Comment 10 Lubomir Rintel 2012-12-31 19:00:48 UTC
Thank you for your testing, Matt.

What you see is expected -- it's based off Rawhide kernel that has tons of debugging and sanity checks enabled (this is from CONFIG_DMA_DEBUG or something like that), equivalent to kernel-debug from release builds. It is probably a bit slower than release kernel as well, thus if you intend to use this, you may want to reapply the patch to a release kernel instead.

Have a nice 2013!

Comment 11 Andrew Lunn 2013-01-06 13:47:58 UTC
As mentioned on the linux-arm-kernel mailing list, removing these checks is wrong. The hardware imposes a minimum buffer size of 16 bytes.
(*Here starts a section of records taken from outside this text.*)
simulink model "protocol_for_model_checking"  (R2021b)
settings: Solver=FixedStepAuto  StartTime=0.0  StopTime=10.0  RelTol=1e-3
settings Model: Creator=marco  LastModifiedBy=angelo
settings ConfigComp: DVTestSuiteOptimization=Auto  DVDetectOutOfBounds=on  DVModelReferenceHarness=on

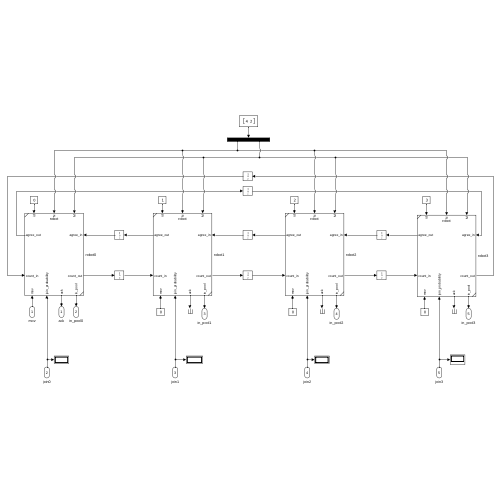
[thumbnail: Simulink's stored preview of the top-level diagram]
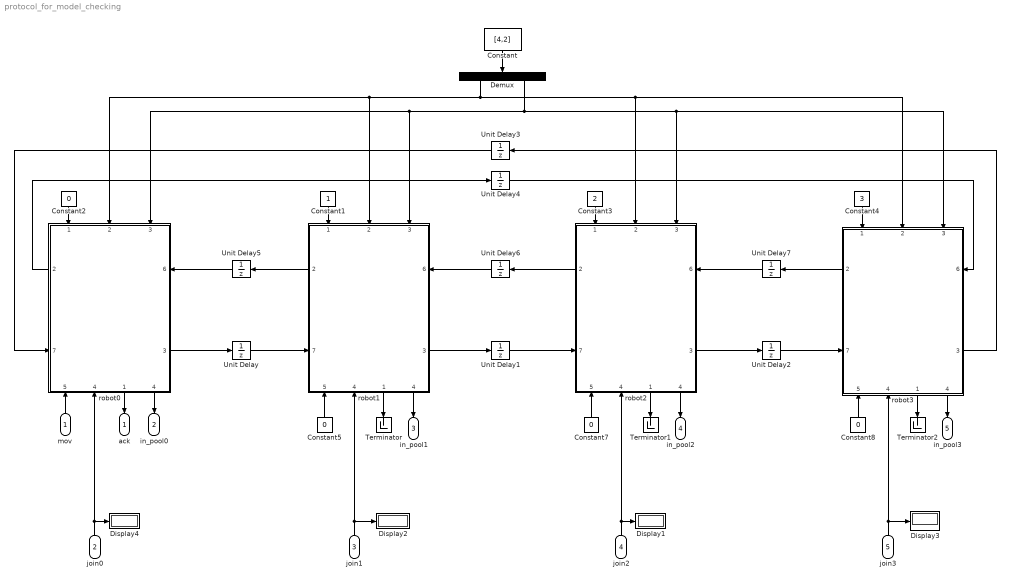
== system protocol_for_model_checking ==
  mov : Inport
  join0 : Inport  Port=2
  join1 : Inport  Port=3
  join2 : Inport  Port=4
  join3 : Inport  Port=5
  Constant : Constant  Value=[4,2]
  Constant1 : Constant
  Constant{2,5,7..8} (4 alike) : Constant  Value=0
  Constant3 : Constant  Value=2
  Constant4 : Constant  Value=3
  Demux : Demux  Outputs=2
  Display{1..4} (4 alike) : Display
  Terminator : Terminator
  Terminator1 : Terminator
  Terminator2 : Terminator
  Unit Delay{,1..7} (8 alike) : UnitDelay  SampleTime=-1  HasFrameUpgradeWarning=on
  robot{0..3} (4 alike) : Subsystem  ReferencedSubsystem=robot
      robot0 settings: PortSchema="{\"entries\":[{\"content\":{\"sides\":[{\"content\":{\"connectorIds\":[\"Out2\",\"In7\"]},\"type\":\"ConnectorPlacement.EquallySpacedRectSide\",\"uuid\":\"c2973ddf-8c1f-4294-82f9-250d4d64bc41\"},{\"content\":{\"connectorIds\":[\"In6\",\"Out3\"],\"side\":\"RIGHT\"},\"type\":\"ConnectorPlacement.EquallySpacedRectSide\",\"uuid\":\"34f58778-6b96-4f4c-9fc2-6c1c729063a8\"},{\"content\":{\"connectorIds\":[\"In1\",\"In2\",\"In3\"],\"side\":\"TOP\"},\"type\":\"ConnectorPlacement.EquallySpacedRectSide\",\"uuid\":\"80e910fc-ff47-444b-b672-e337659921ae\"},{\"content\":{\"connectorIds\":[\"In5\",\"In4\",\"Out1\",\"Out4\"],\"side\":\"BOTTOM\"},\"type\":\"ConnectorPlacement.EquallySpacedRectSide\",\"uuid\":\"4c5b4a6c-4ee5-43a5-b389-1d5635d4cbda\"}]},\"type\":\"ConnectorPlacement.EquallySpacedConnector\",\"uuid\":\"573bf93a-1f25-4267-812c-06cdd99b033a\"}],\"packageUris\":[\"http://schema.mathworks.com/mf0/Connector/R2020b\"],\"version\":\"1.0\"}"
      robot1 settings: PortSchema="{\"entries\":[{\"content\":{\"sides\":[{\"content\":{\"connectorIds\":[\"Out2\",\"In7\"]},\"type\":\"ConnectorPlacement.EquallySpacedRectSide\",\"uuid\":\"c2973ddf-8c1f-4294-82f9-250d4d64bc41\"},{\"content\":{\"connectorIds\":[\"In6\",\"Out3\"],\"side\":\"RIGHT\"},\"type\":\"ConnectorPlacement.EquallySpacedRectSide\",\"uuid\":\"34f58778-6b96-4f4c-9fc2-6c1c729063a8\"},{\"content\":{\"connectorIds\":[\"In1\",\"In2\",\"In3\"],\"side\":\"TOP\"},\"type\":\"ConnectorPlacement.EquallySpacedRectSide\",\"uuid\":\"80e910fc-ff47-444b-b672-e337659921ae\"},{\"content\":{\"connectorIds\":[\"In5\",\"In4\",\"Out1\",\"Out4\"],\"side\":\"BOTTOM\"},\"type\":\"ConnectorPlacement.EquallySpacedRectSide\",\"uuid\":\"e4e016b7-b76e-4e62-a0db-89e9df8dea8e\"}]},\"type\":\"ConnectorPlacement.EquallySpacedConnector\",\"uuid\":\"573bf93a-1f25-4267-812c-06cdd99b033a\"}],\"packageUris\":[\"http://schema.mathworks.com/mf0/Connector/R2020b\"],\"version\":\"1.0\"}"
      robot2 settings: PortSchema="{\"entries\":[{\"content\":{\"sides\":[{\"content\":{\"connectorIds\":[\"Out2\",\"In7\"]},\"type\":\"ConnectorPlacement.EquallySpacedRectSide\",\"uuid\":\"c2973ddf-8c1f-4294-82f9-250d4d64bc41\"},{\"content\":{\"connectorIds\":[\"In6\",\"Out3\"],\"side\":\"RIGHT\"},\"type\":\"ConnectorPlacement.EquallySpacedRectSide\",\"uuid\":\"34f58778-6b96-4f4c-9fc2-6c1c729063a8\"},{\"content\":{\"connectorIds\":[\"In1\",\"In2\",\"In3\"],\"side\":\"TOP\"},\"type\":\"ConnectorPlacement.EquallySpacedRectSide\",\"uuid\":\"80e910fc-ff47-444b-b672-e337659921ae\"},{\"content\":{\"connectorIds\":[\"In5\",\"In4\",\"Out1\",\"Out4\"],\"side\":\"BOTTOM\"},\"type\":\"ConnectorPlacement.EquallySpacedRectSide\",\"uuid\":\"2cd792df-4aad-4f2e-80f9-e48174994b0d\"}]},\"type\":\"ConnectorPlacement.EquallySpacedConnector\",\"uuid\":\"573bf93a-1f25-4267-812c-06cdd99b033a\"}],\"packageUris\":[\"http://schema.mathworks.com/mf0/Connector/R2020b\"],\"version\":\"1.0\"}"
      robot3 settings: PortSchema="{\"entries\":[{\"content\":{\"sides\":[{\"content\":{\"connectorIds\":[\"Out2\",\"In7\"]},\"type\":\"ConnectorPlacement.EquallySpacedRectSide\",\"uuid\":\"c2973ddf-8c1f-4294-82f9-250d4d64bc41\"},{\"content\":{\"connectorIds\":[\"In6\",\"Out3\"],\"side\":\"RIGHT\"},\"type\":\"ConnectorPlacement.EquallySpacedRectSide\",\"uuid\":\"34f58778-6b96-4f4c-9fc2-6c1c729063a8\"},{\"content\":{\"connectorIds\":[\"In1\",\"In2\",\"In3\"],\"side\":\"TOP\"},\"type\":\"ConnectorPlacement.EquallySpacedRectSide\",\"uuid\":\"80e910fc-ff47-444b-b672-e337659921ae\"},{\"content\":{\"connectorIds\":[\"In5\",\"In4\",\"Out1\",\"Out4\"],\"side\":\"BOTTOM\"},\"type\":\"ConnectorPlacement.EquallySpacedRectSide\",\"uuid\":\"e1d2a9a1-3695-4a7a-a698-108fcecfffe2\"}]},\"type\":\"ConnectorPlacement.EquallySpacedConnector\",\"uuid\":\"573bf93a-1f25-4267-812c-06cdd99b033a\"}],\"packageUris\":[\"http://schema.mathworks.com/mf0/Connector/R2020b\"],\"version\":\"1.0\"}"
  ack : Outport
  in_pool0 : Outport  Port=2
  in_pool1 : Outport  Port=3
  in_pool2 : Outport  Port=4
  in_pool3 : Outport  Port=5
  wires:
  Constant/1 -> Demux/1
  Constant2/1 -> robot0/1
  robot0/1 -> ack/1
  robot1/1 -> Terminator/1
  robot2/1 -> Terminator1/1
  robot3/1 -> Terminator2/1
  Constant1/1 -> robot1/1
  Constant3/1 -> robot2/1
  Constant4/1 -> robot3/1
  Constant5/1 -> robot1/5
  Constant7/1 -> robot2/5
  Constant8/1 -> robot3/5
  robot0/3 -> Unit Delay/1
  robot1/3 -> Unit Delay1/1
  robot2/3 -> Unit Delay2/1
  robot3/3 -> Unit Delay3/1
  robot1/2 -> Unit Delay5/1
  robot2/2 -> Unit Delay6/1
  robot3/2 -> Unit Delay7/1
  robot0/2 -> Unit Delay4/1
  Demux/1 -> robot2/2, robot3/2, robot1/2, robot0/2
  Demux/2 -> robot2/3, robot3/3, robot1/3, robot0/3
  join1/1 -> robot1/4, Display2/1
  join2/1 -> robot2/4, Display1/1
  Unit Delay/1 -> robot1/7
  Unit Delay1/1 -> robot2/7
  Unit Delay2/1 -> robot3/7
  Unit Delay3/1 -> robot0/7
  Unit Delay4/1 -> robot3/6
  Unit Delay5/1 -> robot0/6
  Unit Delay6/1 -> robot1/6
  Unit Delay7/1 -> robot2/6
  join0/1 -> robot0/4, Display4/1
  mov/1 -> robot0/5
  join3/1 -> robot3/4, Display3/1
  robot0/4 -> in_pool0/1
  robot1/4 -> in_pool1/1
  robot2/4 -> in_pool2/1
  robot3/4 -> in_pool3/1

In practice, any DMA operation less than 128 bytes are rejected, because software will be faster than setting up the DMA, handling the interrupt when its finished, scheduling and running a tasklet, and running the completion callback etc.

The crypto/async_tx/async_memcpy.c:async_memcpy() functions has no issues with this minimum size limit, it falls back to memcpy().

Comment 12 Peter Robinson 2013-01-09 10:16:43 UTC
Have you tried the following. On low memory systems it basically keeps a little free for things like network buffers. We've seen it helps for some other ARM platforms.

cat << EOF > /etc/sysctl.conf
vm.min_free_kbytes = 12288
EOF

Comment 13 Matt Hirsch 2013-02-15 14:32:01 UTC
Two notes: 

I tried kernel-kirkwood-3.7.3-101.fc17.armv5tel, and it seemed to still suffer from this problem. I have been running Lubomir's patch for two months without encountering this bug, so something he did should give a clue as to what the problem is, even if it's not the "right" fix.

It seems vm.min_free_kbytes = 12288 is already set by default by initscripts-9.37.2-1.fc17.armv5tel, so that does not address this issue.

Comment 14 Peter Robinson 2013-03-31 18:52:58 UTC
Please retest with 3.8.x

Comment 15 Matt Hirsch 2013-04-13 15:41:51 UTC
Please reopen this bug. I still have this problem with the latest kernel, 3.8.3-102.fc17.armv5tel.kirkwood.

Comment 16 Matt Hirsch 2013-04-27 03:33:21 UTC
Please reopen this bug. The current kernel still has this problem.